Task instructions:
Type out the complete listing below word for word, without its pictures.

↓↓↓

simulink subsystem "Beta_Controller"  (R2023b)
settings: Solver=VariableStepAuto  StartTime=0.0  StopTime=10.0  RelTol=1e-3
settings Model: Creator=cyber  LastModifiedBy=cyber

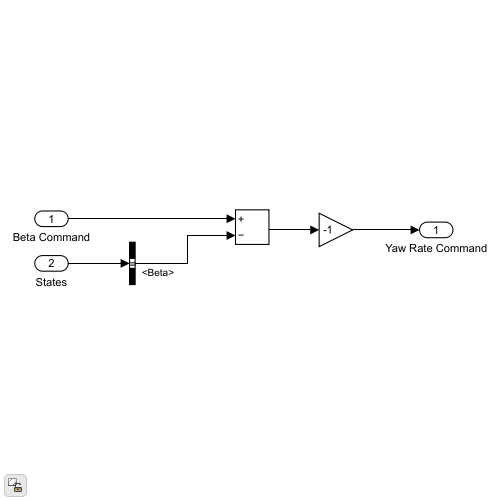
[thumbnail: Simulink's stored preview of the top-level diagram]
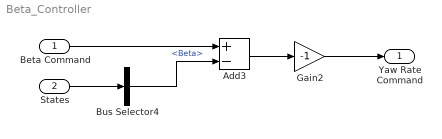
== system Beta_Controller ==
  Beta Command : Inport
  States : Inport  Port=2
  Add3 : Sum  Inputs=+-
  Bus Selector4 : BusSelector  OutputSignals=Beta
  Gain2 : Gain  Gain=-1
  Yaw Rate Command : Outport
  wires:
  Bus Selector4/1 -> Add3/2  "<Beta>"
  Beta Command/1 -> Add3/1
  Add3/1 -> Gain2/1
  States/1 -> Bus Selector4/1
  Gain2/1 -> Yaw Rate Command/1

↑↑↑

Solution for this exercise:
simulink subsystem "Beta_Controller"  (R2023b)
settings: Solver=VariableStepAuto  StartTime=0.0  StopTime=10.0  RelTol=1e-3
settings Model: Creator=cyber  LastModifiedBy=cyber

[thumbnail: Simulink's stored preview of the top-level diagram]
== system Beta_Controller ==
  Beta Command : Inport
  States : Inport  Port=2
  Add3 : Sum  Inputs=+-
  Bus Selector4 : BusSelector  OutputSignals=Beta
  Gain2 : Gain  Gain=-1
  Yaw Rate Command : Outport
  wires:
  Bus Selector4/1 -> Add3/2  "<Beta>"
  Beta Command/1 -> Add3/1
  Add3/1 -> Gain2/1
  States/1 -> Bus Selector4/1
  Gain2/1 -> Yaw Rate Command/1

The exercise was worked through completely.